# Dynaudio Esotar 110/650...a little taste of heaven



## vfparts (Jul 11, 2010)

Hello everyone, I have been listening to the Dynaudio Esotar 110 tweeters along with the Dynaudio Esotar 650 midbass for a couple weeks now and all I can say is... "wow" as Im smileing from ear to ear. The 110 is probably the one that impressed me the most. I previously owned a pair of Morel Supremo Piccolo tweeters which sounded great as well but were a little too laid back for my taste and required it to be intestalled a little more on axis to get the best out of it however it is smaller than the Esotar 110. They Morel Piccolo tweeters were paired with the Morel Supremo 6 midbass. The Esotar 110 tweeter plays with tons of detail while not being harsh at all. The only thing I personally did not like about the Esotar 110 was the faceplate. Although it did have a small grill to protect it to some degree, it stood out anywhere I tried to place it. I went ahead and took care of that minor problem by taking the grill from the Hybrid audio L3 and trimming the faceplate with a grinder/cutting blade to make it fit. I think it came out pretty good and it makes it look a little more "stock" so it should blend in to the interior a little more. 
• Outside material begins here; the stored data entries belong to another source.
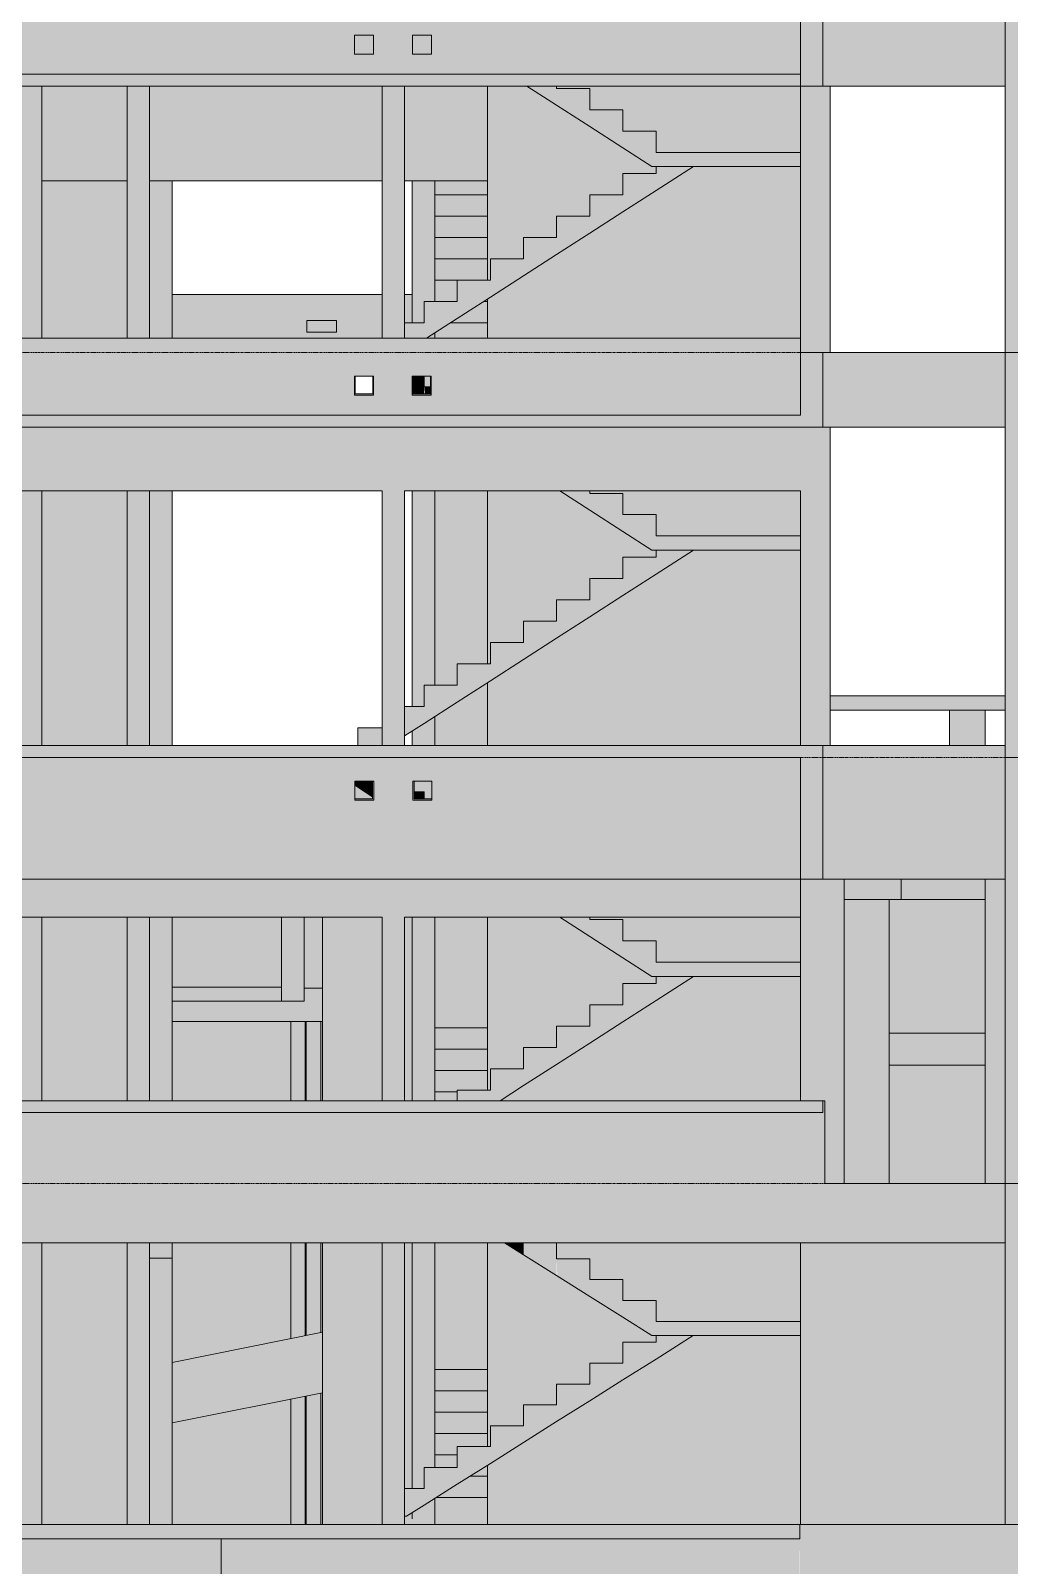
# Model space of a CAD drawing. Header units: centimetres. Extents: x -1475 to 26035, y -1239 to 84208.
# Drawn here: x 14688 to 15515, y 74231 to 75527 of the extents above; entities that cross this region are included whole.
import ezdxf

# ---------------------------------------------------------------- set-up
doc = ezdxf.new("R2010")
doc.units = ezdxf.units.CM
doc.linetypes.add('Centro', pattern=[3.175, 0.635, -0.47625, 1.5875, -0.47625])
for name, color, linetype, lineweight in [('A-FLOR', 7, 'Continuous', 9), ('A-FLOR-LEVL', 7, 'Continuous', 9), ('A-GENM', 7, 'Continuous', 18), ('A-WALL', 7, 'Continuous', 9), ('S-BEAM', 7, 'Continuous', 9), ('S-COLS', 7, 'Continuous', 9), ('S-FNDN', 7, 'Continuous', 9), ('S-STRS', 7, 'Continuous', 9)]:
    doc.layers.add(name, color=color, linetype=linetype, lineweight=lineweight)

# ---------------------------------------------------------------- blocks, each defined once
blk = doc.blocks.new('Estaca W Gerdau - W250X73-4068957-CT202 - CORTE ESQ_ DINF')
at = {"layer": 'S-FNDN', "true_color": 0xacb7d2}
h = blk.add_hatch(color=9, dxfattribs=at)
h.paths.add_polyline_path([(224, 73400), (248.5, 73400), (248.4, 73554), (235.7, 73554), (235.7, 73574), (224, 73574), (224, 73449)], flags=0)
h.paths.add_polyline_path([(224, 74265), (249.4, 74265), (249.4, 74376.1), (224, 74371.1), (224, 74329.4)], flags=0)
h.paths.add_polyline_path([(224, 74422.1), (249.4, 74427.4), (249.4, 74503), (224, 74503), (224, 74427.4)], flags=0)
h.paths.add_polyline_path([(235.3, 74623), (249.4, 74623), (249.4, 74690), (224, 74690), (224, 74623)], flags=0)
at = {"layer": 'S-FNDN'}
for p, q in [((224, 74690), (224, 74623)), ((236.3, 74623), (236.3, 74690)), ((237.1, 74690), (237.1, 74623)), ((249.4, 74690), (249.4, 74623)), ((224, 74503), (224, 74422.1)), ((236.3, 74424.5), (236.3, 74503)), ((237.1, 74503), (237.1, 74424.7)), ((249.4, 74503), (249.4, 74427.1)), ((236.3, 74265), (236.3, 74373.5)), ((237.1, 74373.7), (237.1, 74265)), ((249.4, 74376.1), (249.4, 74265)), ((224, 74371.1), (224, 74265)), ((224, 73574), (224, 73400)), ((236.3, 73400), (236.3, 73554)), ((237.1, 73554), (237.1, 73400)), ((248.5, 73400), (224, 73400))]:
    blk.add_line(p, q, dxfattribs=at)

msp = doc.modelspace()

# ---------------------------------------------------------------- hatches: boundary and pattern name
at = {"layer": 'A-FLOR', "true_color": 0xc0c0c0}
for points in [[(14854.18, 75480), (15338.51, 75480), (15338.51, 75490.01), (14295.51, 75490.01), (14295.51, 75480), (14807.51, 75480)], [(15338.51, 75192), (15338.51, 75202), (14295.51, 75202), (14295.51, 75192), (15324.67, 75192)], [(14295.51, 74913), (15338.51, 74913), (15338.51, 74923), (14295.51, 74923)], [(14900.01, 74707), (14900.01, 74719), (14807.51, 74719), (14807.51, 74707), (14893.24, 74707)], [(15354.8, 74613), (15357.51, 74613), (15357.51, 74623), (14276.51, 74623), (14276.51, 74613), (15230.57, 74613)]]:
    msp.add_hatch(color=9, dxfattribs=at).paths.add_polyline_path(points, flags=0)
h = msp.add_hatch(color=9, dxfattribs=at)
h.paths.add_polyline_path([(15996.51, 74953), (15996.51, 74965), (15686.51, 74965), (15686.51, 74953), (15795.16, 74953)], flags=0)
h.paths.add_polyline_path([(15511.51, 74953), (15511.51, 74965), (15363.51, 74965), (15363.51, 74953), (15418.77, 74953)], flags=0)
h.paths.add_polyline_path([(16202.51, 74953), (16202.51, 74965), (16106.51, 74965), (16106.51, 74953), (16171.55, 74953)], flags=0)
at = {"layer": 'A-GENM', "true_color": 0xc0c0c0}
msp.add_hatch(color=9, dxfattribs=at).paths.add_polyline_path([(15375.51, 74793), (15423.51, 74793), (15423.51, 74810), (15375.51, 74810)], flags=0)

The Esotar 650 sounds incredible even in the stock door location. I currently have them at a frequency range of 90hz-2.5khz. I know that these can go lower but Im being conservative since Im just trying to break them in right now. I can only imagine what they will sound like once they are broken in. If I were to compare the Morel Supremo 6 I previously had, I would say that I like the Esotar 650 just a hair more. Thats only because I feel that it produces a little tighter/quicker midbass and thats considering that it hasnt been broken in yet. Ive been told that it should take 200 + hours to really get the full potential of the drivers. Dont get me wrong, the Supremo 6 midbass are great speakers I just happen to like the tight kick that the Esotar 650 producess. 

These speakers are currently in my work vehicle which I drive every day for approx 2-4 hours a day just depending on where I need to go. They are being powered by a Polk Audio PA D4000.4 which is rated at 125 watts rms at 4ohm. I know its a class D mini amplifier and its not the best for an SQ setup but its what I currently have in my work vehicle and it does have active crossovers so it will do for now. These drivers will ultimately be installed in a 2012/2013 Silverado crew cab which I hope to be getting in a couple of months and they will be powered by and ARC Audio SE 4200 and controlled by a Pioneer 99RS. I can only begin to image how much better they should sound with that combination and the fact that they will be broken in as well.


----------



## m3gunner (Aug 6, 2008)

Nice review...

Do you have a shot of the grille you built?


----------



## vfparts (Jul 11, 2010)

Those are the grills from a Hybrid audio L3 I just wrapped them in black speaker cloth then applied the Dynaudio logo from the original plate.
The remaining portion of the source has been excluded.